→ **EXERCISE PROMPT**
Look through the data below and show every line that includes "with".

(Dataset excerpts)
++++

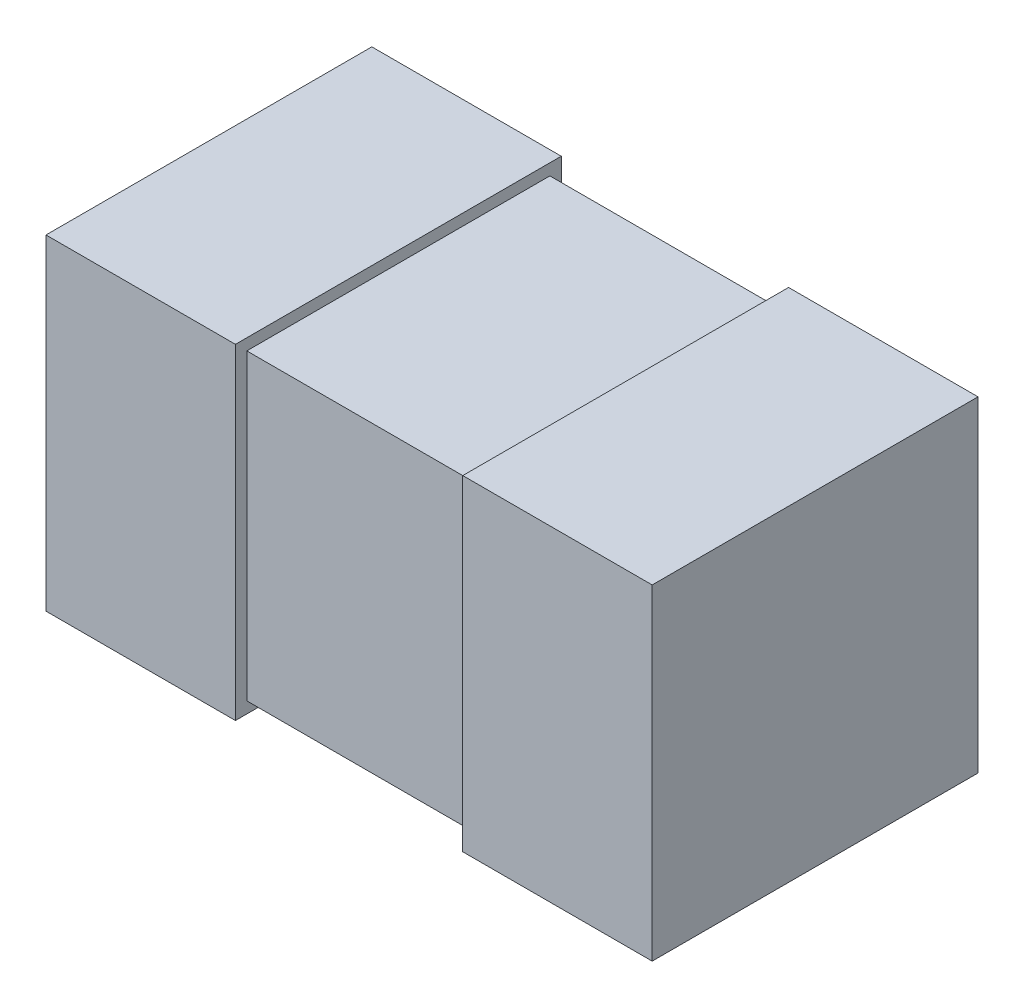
from build123d import *

# Parameters (mm, degrees)
SKETCH1_W           = 1.6
SKETCH1_H           = 0.8
EXTRUDE1_DEPTH      = 0.8
EXTRUDE2_DEPTH      = 0.43
EXTRUDE2_DEPTH_BACK = 0.43
SKETCH2_W           = 0.5
SKETCH2_H           = 0.86


with BuildPart() as part:
    # Sketch1 → Extrude1 (new body)
    with BuildSketch(Plane(origin=(0, 0, 0), x_dir=(1, 0, 0), z_dir=(0, 1, 0))):
        Rectangle(SKETCH1_W, SKETCH1_H)
    extrude(amount=EXTRUDE1_DEPTH)

    # Sketch2 → Extrude2 (add, two sides: drawn at the far end of the back side and taken through both)
    with BuildSketch(Plane.XY.offset(-EXTRUDE2_DEPTH_BACK)):
        with Locations((-0.55, 0.4)):
            Rectangle(SKETCH2_W, SKETCH2_H)
        with Locations((0.55, 0.4)):
            Rectangle(SKETCH2_W, SKETCH2_H)
    extrude(amount=EXTRUDE2_DEPTH + EXTRUDE2_DEPTH_BACK)


solid = part.part

++++

→ **RESPONSE FOR THIS EXERCISE**
with BuildPart() as part:
    with BuildSketch(Plane(origin=(0, 0, 0), x_dir=(1, 0, 0), z_dir=(0, 1, 0))):
    with BuildSketch(Plane.XY.offset(-EXTRUDE2_DEPTH_BACK)):
        with Locations((-0.55, 0.4)):
        with Locations((0.55, 0.4)):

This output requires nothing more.